Again, in Notter's 2002 study a respondent said:

‘It's not normal… one day I was myself… now I got this ‘thing’ on my stomach … I'm different…I'll never be me again…’

Notter, 2002

Similarly, in Black's 2018 study a patient commented:

‘… this is not normal is it…this… coming out of my abdomen…it should be coming out of my bottom… how do I learn to live with it…’

Black, 2018

For a minority, the feeling of rejection of their ‘new’ body is so strong that they find it impossible to accept or relate to the stoma, referring to it as something that belongs to the surgeon who created it rather than being part of their own body (Notter and Burnard, 2006; Van Mannen, 2014). In extreme instances, patients totally dissociate themselves, as illustrated by a patient who, when asked about his stoma responded used third party, objective language:

‘… well there it is … it looks OK but I don't ask it … I don't care …’

Black, 2018

When the specialist nurse went on to ask where ‘there’ was, he pointed to the empty chair beside him and went on to state:

‘it's on the chair there … the thing … I suppose I have to do it each day [change the stoma bag] but I try not to … I don't want people thinking it is part of me of who I am’

Black, 2018

For such patients, without professional help to accept and adjust to life with a stoma, quality of life will be affected and their lifestyle restricted. Therefore, it has to be a cause for concern that this patient had not been recognised as having acceptance and adaptation issues at the time of surgery. Instead, he had gone on to develop entrenched negative views and did not even want to seek psychological help, seeing his problems as unchangeable as they were totally related to the stoma that he had rejected. Only once the need for help had been accepted could effective support be offered to him, but it has to be acknowledged that such delayed help may not be totally successful (Van Mannen, 2014).

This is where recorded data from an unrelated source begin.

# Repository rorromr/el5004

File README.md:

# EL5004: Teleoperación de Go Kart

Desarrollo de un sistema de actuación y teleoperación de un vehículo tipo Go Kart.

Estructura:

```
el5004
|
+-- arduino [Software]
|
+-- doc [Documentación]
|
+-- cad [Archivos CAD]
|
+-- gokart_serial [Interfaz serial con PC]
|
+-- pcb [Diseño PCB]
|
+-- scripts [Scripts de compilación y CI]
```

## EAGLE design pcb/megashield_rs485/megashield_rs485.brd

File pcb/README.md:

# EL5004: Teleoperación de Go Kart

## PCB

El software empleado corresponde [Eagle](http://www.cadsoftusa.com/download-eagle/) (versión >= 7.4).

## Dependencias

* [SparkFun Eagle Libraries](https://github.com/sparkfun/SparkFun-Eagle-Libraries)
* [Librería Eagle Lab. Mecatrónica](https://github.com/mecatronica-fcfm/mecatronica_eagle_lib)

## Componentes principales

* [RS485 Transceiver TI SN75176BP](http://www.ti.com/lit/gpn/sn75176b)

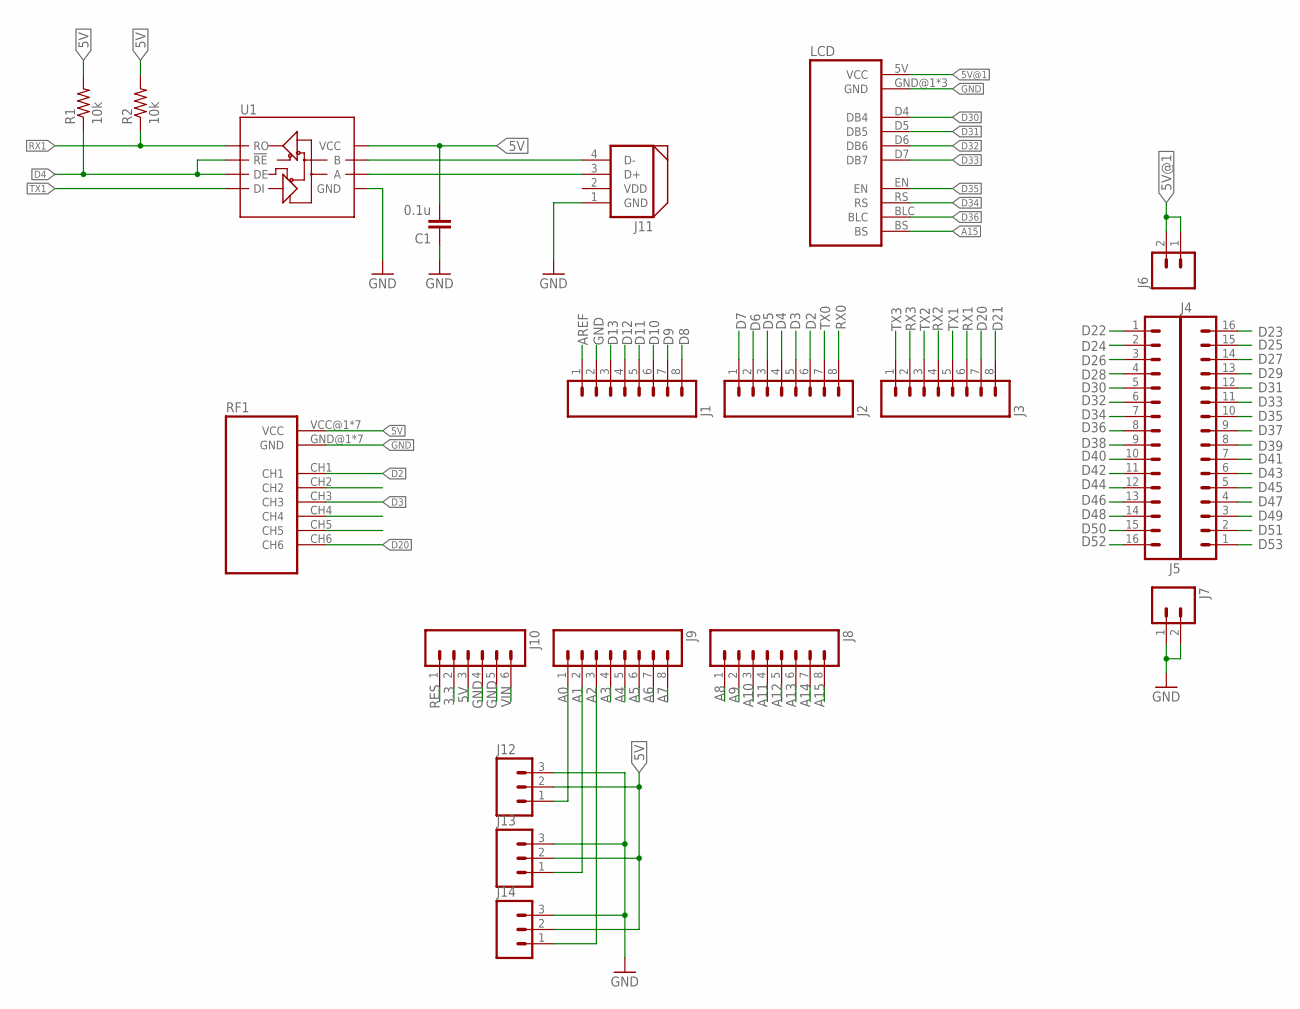
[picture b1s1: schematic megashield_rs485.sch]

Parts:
C1: 0.1u; CAP-PTH-SMALL
J1, J2, J3, J8, J9: M08LONGPADS; 1X08_LONGPADS
J4, J5: M16PTH; 1X16
J6, J7: M02PTH; 1X02
J10: M06LONGPADS; 1X06_LONGPADS
J11: DYNAMIXEL_RS485; DYNAMIXEL_SPOX_04
J12, J13, J14: M03LONGPADS; 1X03_LONGPADS
LCD: LCD_SHIELD
R1, R2: 10k; AXIAL-0.4
RF1: FS_R6B
U1: RS485; DIL08

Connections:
3.3: J10.2
5V: C1.2, J10.3, J12.2, J13.2, J14.2, R1.P$2 (2), R2.P$2 (2), RF1.VCC@1 (VCC), RF1.VCC@2 (VCC), RF1.VCC@3 (VCC), RF1.VCC@4 (VCC), RF1.VCC@5 (VCC), RF1.VCC@6 (VCC), RF1.VCC@7 (VCC), U1.8 (VCC)
5V@1: J6.1, J6.2, LCD.5V (VCC)
A0: J9.1, J12.1
A1: J9.2, J13.1
A2: J9.3, J14.1
A3: J9.4
A4: J9.5
A5: J9.6
A6: J9.7
A7: J9.8
A8: J8.1
A9: J8.2
A10: J8.3
A11: J8.4
A12: J8.5
A13: J8.6
A14: J8.7
A15: J8.8, LCD.BS
AREF: J1.1
D2: J2.6, RF1.CH1
D3: J2.5, RF1.CH3
D4: J2.4, R1.P$1 (1), U1.2 (!RE), U1.3 (DE)
D5: J2.3
D6: J2.2
D7: J2.1
D8: J1.8
D9: J1.7
D10: J1.6
D11: J1.5
D12: J1.4
D13: J1.3
D20: J3.7, RF1.CH6
D21: J3.8
D22: J5.1
D23: J4.16
D24: J5.2
D25: J4.15
D26: J5.3
D27: J4.14
D28: J5.4
D29: J4.13
D30: J5.5, LCD.D4 (DB4)
D31: J4.12, LCD.D5 (DB5)
D32: J5.6, LCD.D6 (DB6)
D33: J4.11, LCD.D7 (DB7)
D34: J5.7, LCD.RS
D35: J4.10, LCD.EN
D36: J5.8, LCD.BLC
D37: J4.9
D38: J5.9
D39: J4.8
D40: J5.10
D41: J4.7
D42: J5.11
D43: J4.6
D44: J5.12
D45: J4.5
D46: J5.13
D47: J4.4
D48: J5.14
D49: J4.3
D50: J5.15
D51: J4.2
D52: J5.16
D53: J4.1
GND: C1.1, J1.2, J7.1, J7.2, J10.4, J10.5, J11.1 (GND), J12.3, J13.3, J14.3, LCD.GND@1 (GND), LCD.GND@2 (GND), LCD.GND@3 (GND), RF1.GND@1 (GND), RF1.GND@2 (GND), RF1.GND@3 (GND), RF1.GND@4 (GND), RF1.GND@5 (GND), RF1.GND@6 (GND), RF1.GND@7 (GND), U1.5 (GND)
unnamed: J11.3 (D+), U1.6 (A)
unnamed: J11.4 (D-), U1.7 (B)
RES: J10.1
RX0: J2.8
RX1: J3.6, R2.P$1 (1), U1.1 (RO)
RX2: J3.4
RX3: J3.2
TX0: J2.7
TX1: J3.5, U1.4 (DI)
TX2: J3.3
TX3: J3.1
VDD: J11.2 (VDD)
VIN: J10.6

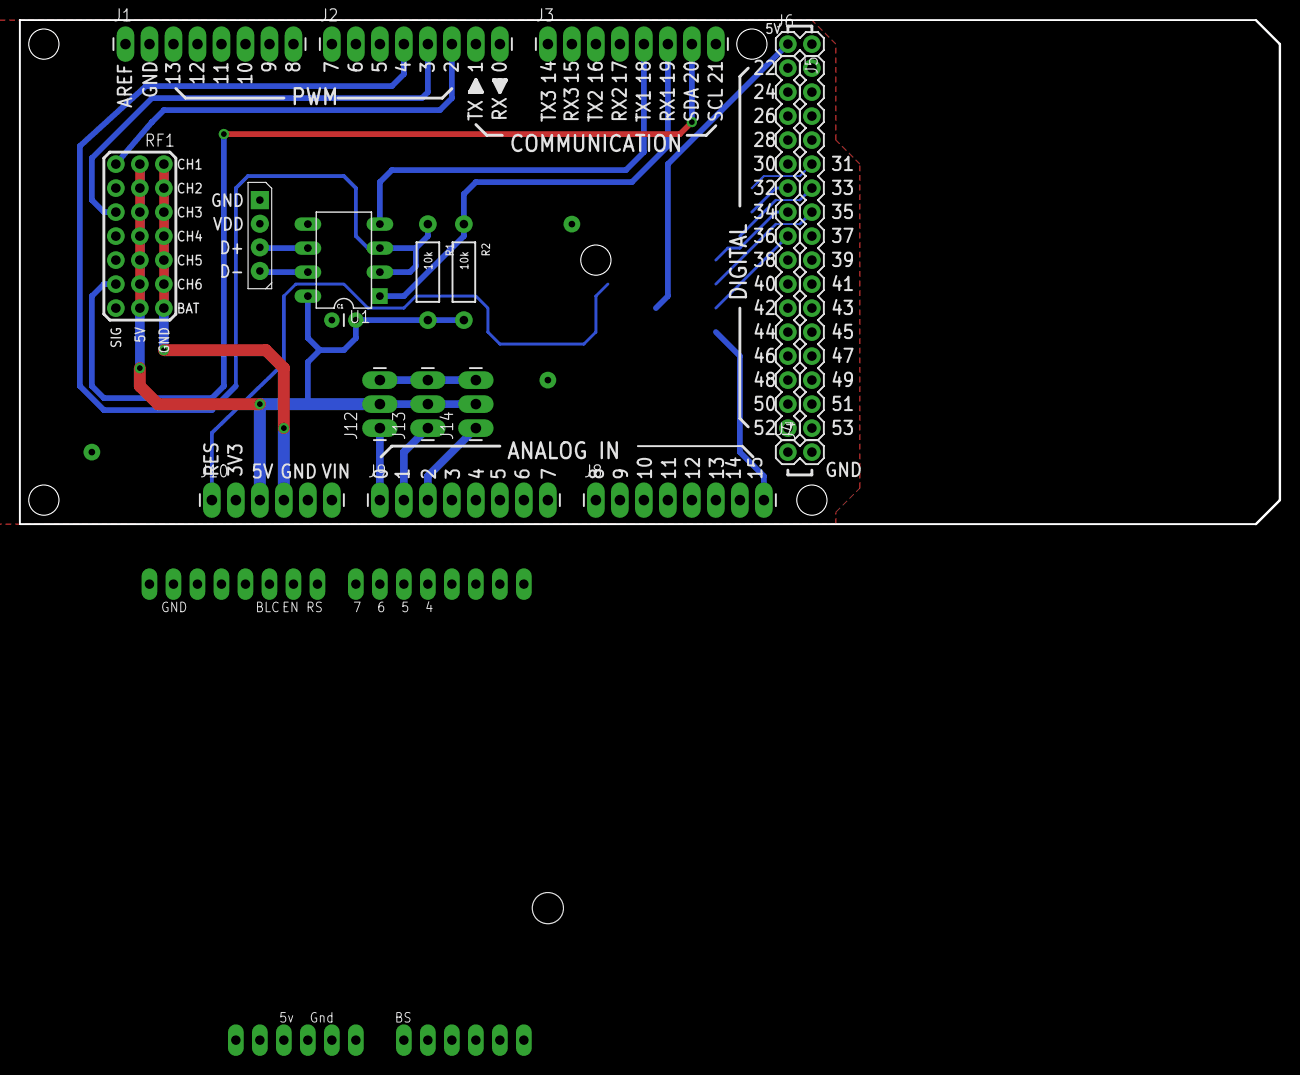
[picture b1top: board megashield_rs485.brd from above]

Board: 2 copper layers, 133.4 x 53.3 mm, 20 parts (0 on the bottom side), 22 nets.

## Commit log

2016-05-25 Estructura de archivos
2016-05-25 Archivo BOM, PCB base para shield
2016-05-25 Metodos Interfaz RF
2016-05-29 Librería Dynamixel
2016-05-29 Interfaz para servos
2016-05-29 Metodos para freno
2016-05-29 Interfaz para actuadores y clase para abstracción del GoKart
2016-05-29 Software como librería de Arduino
2016-05-29 Readmes actualizados
2016-05-31 Manejo de codigos de error en Servo
2016-06-02 GoKart messages with serialization
2016-06-02 Implementacion de RF funcionando, falta completar match para getCommand
2016-06-02 Modificacion de libreria para reemplazar a digitalWrite
2016-06-02 Clase RF Interface implementa metodos de ComInterface
2016-06-02 Fix SetTx and SetRx functions using inline
2016-06-03 March entre valroes RF y enteros para motores en Rf_getCommand
2016-06-06 manejo de clases
2016-06-08 Añadir funciones de debug y configuración de limites
2016-06-08 Fix funciones para set de angulos
2016-06-09 Configuración de angulos máximos y minimos OK
2016-06-09 Fix mensajes de debug y metodos de servomotor
2016-06-09 Mejoras en manejo de errores y configuracion de angulos limites
2016-06-15 Add travis CI config file
2016-06-15 Fix travis config
2016-06-15 Add Travis CI logo
2016-06-15 Prueba de test gokar_integration y probado en el dxl real.
2016-06-16 Mapeo de comando para steering wheel y comandos de velocidad
2016-06-16 Añadir datasheet
2016-06-23 Fix max value for steering wheel command mapping
2016-06-24 Test velocity command in steering wheel
2016-06-24 Emergency state and fix center in steering wheel
2016-06-24 Mejoras en metodos de GoKart, map para freno y metodos init para servos
2016-06-24 Fix println on gokart init method
2016-06-24 Map de acelerador
2016-06-24 Mejoras en scripts de CI
2016-06-24 Fix CI script
2016-06-28 PCB template
2016-06-28 hecho el filtro del rf, falta probar si compila, probar en los pcs de la U
2016-06-28 Add rs485 transceiver
2016-06-28 Add analog inputs
2016-06-28 PCB con elementos para conexion de pantalla
2016-06-30 fix rf_interface mean declaration
2016-06-30 Add scripts readme and update readmes
2016-06-30 Modify pins for PCB
2016-07-01 Serial interface
2016-07-01 Python interface for serial comm
2016-07-02 Serialización de mensaje usando Python
2016-07-03 Basic example using serial interface
2016-07-03 Basic qt graphic interface
2016-07-03 GUI for GoKart
2016-07-06 Add LCD module
2016-07-06 Basic funtions for LCD menu
2016-07-07 Keypad test
2016-07-07 Add init method on GoKart constructor
2016-07-07 LCD screen test
2016-07-07 Nueva lectura de pines RD con interruptores y tambien un enabled del uso del filtro. falta probar
2016-07-07 RF with interrups
2016-07-08 Print on LCD current command
2016-07-08 Motor config using LCD
2016-07-08 LCD test and brake motor limits
2016-07-09 Torque enable funcion
2016-07-09 Fix PCB dimension for better fit on Arduino board
2016-07-13 Add clear command, fix LCD test
2016-07-13 LCD test with print current command
2016-07-13 LCD test with multiple menus
2016-07-13 Implementacion de consistencia de datos y metodo init de RF
2016-07-13 Rama no esta funcinando del todo bien, revisar interrupciones
2016-07-13 Fix throttle
2016-07-14 Add emergency state
2016-07-15 Add realtime plot
2016-07-15 Control de emergencia en apagado y estabilidad de valores
2016-07-15 Fix map for sw actuator
2016-07-18 Keypad class with raising method
2016-07-18 Test rising and falling functions
2016-07-18 Fix servo selected in control panel
2016-07-18 Abstract class for lcd menu
2016-07-18 Logger with different severities
2016-07-18 PCB with LCD
2016-07-19 Add nRF24l01
2016-07-20 PCB v2
2016-07-20 Add PCB v1 and v2
2016-07-20 cambio en flag con overrun, funcionando perfect
2016-07-20 agregar time stamp, funciona bien
2016-07-20 sacar buffer, listo para mezclar con heuristica de pina
2016-07-20 mezcla de ramas mati con pina en master
2016-07-20 Gokart integration with LCD
2016-07-21 Timeour feature, need test!
2016-07-21 cambios en los limites del eoncder del motor direccion
2016-07-21 Function print2
2016-07-21 SW limits
2016-07-23 Command timeout and LCD tested
2016-07-23 Fix test
2016-07-25 Diagram schematic
2016-07-26 Fix default speed
2016-07-28 Add setSpeed method to DxlSErvo
2016-07-28 Add speed menu config
2016-09-02 Preinforme
2016-09-11 CAD link
2016-09-13 Add image
2016-09-13 Center image
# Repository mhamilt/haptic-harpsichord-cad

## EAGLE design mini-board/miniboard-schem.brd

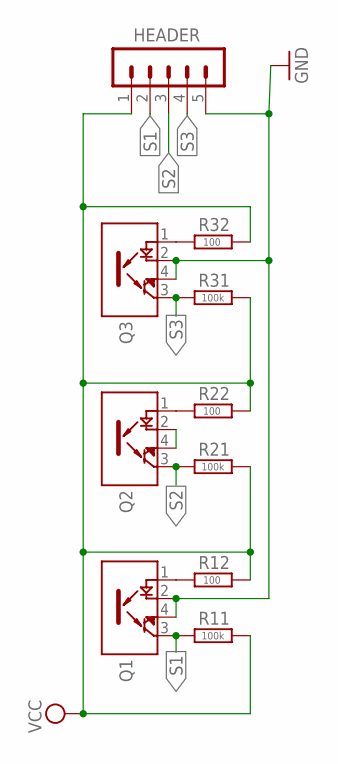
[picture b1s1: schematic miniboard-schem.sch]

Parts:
HEADER: 0; MA05-1
Q1, Q2, Q3: QRE1113; DIP400W50P180L360H200Q4
R11, R21, R31: 100k; 0207/10
R12, R22, R32: 100; 0207/10

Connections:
GND: HEADER.5, Q1.2 (C), Q1.4 (ET), Q3.2 (C), Q3.4 (ET)
unnamed: Q3.1 (A), R32.2
unnamed: Q2.1 (A), R22.2
unnamed: Q2.2 (C), Q2.4 (ET)
unnamed: Q1.1 (A), R12.2
S1: HEADER.2, Q1.3 (CT), R11.2
S2: HEADER.3, Q2.3 (CT), R21.2
S3: HEADER.4, Q3.3 (CT), R31.2
VCC: HEADER.1, R11.1, R12.1, R21.1, R22.1, R31.1, R32.1

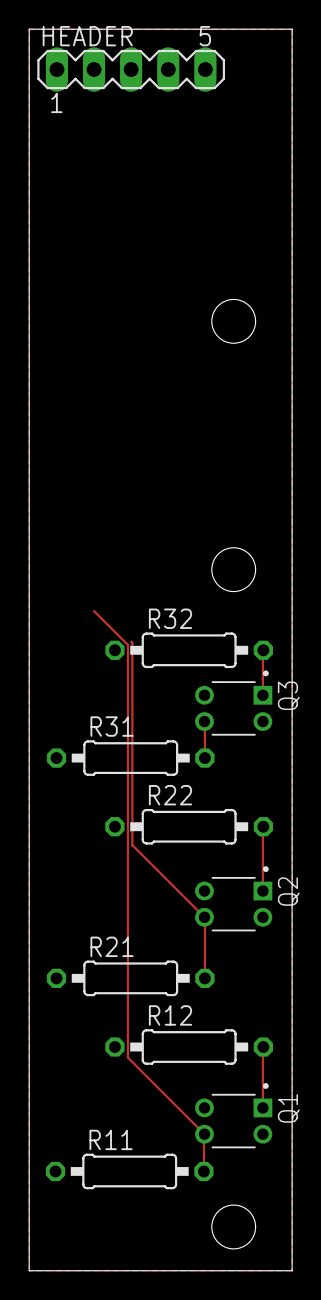
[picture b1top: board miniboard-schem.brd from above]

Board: 2 copper layers, 18.0 x 85.0 mm, 10 parts (0 on the bottom side), 9 nets.

For some patients, the feelings of anger, anxiety and depression are compounded if they struggle to cope with the physical effects and altered body functions following surgery. The intensity of emotional reactions appears to be related to both the physical evidence of the surgery (the stoma) and the assigned importance of fitting within accepted social norms (Polidano et al, 2020). Factors affecting adaptation include, but are not limited to, the disease process, diagnosis, treatment and medical and nursing care, both in the hospital and on return to the community (Black, 2000).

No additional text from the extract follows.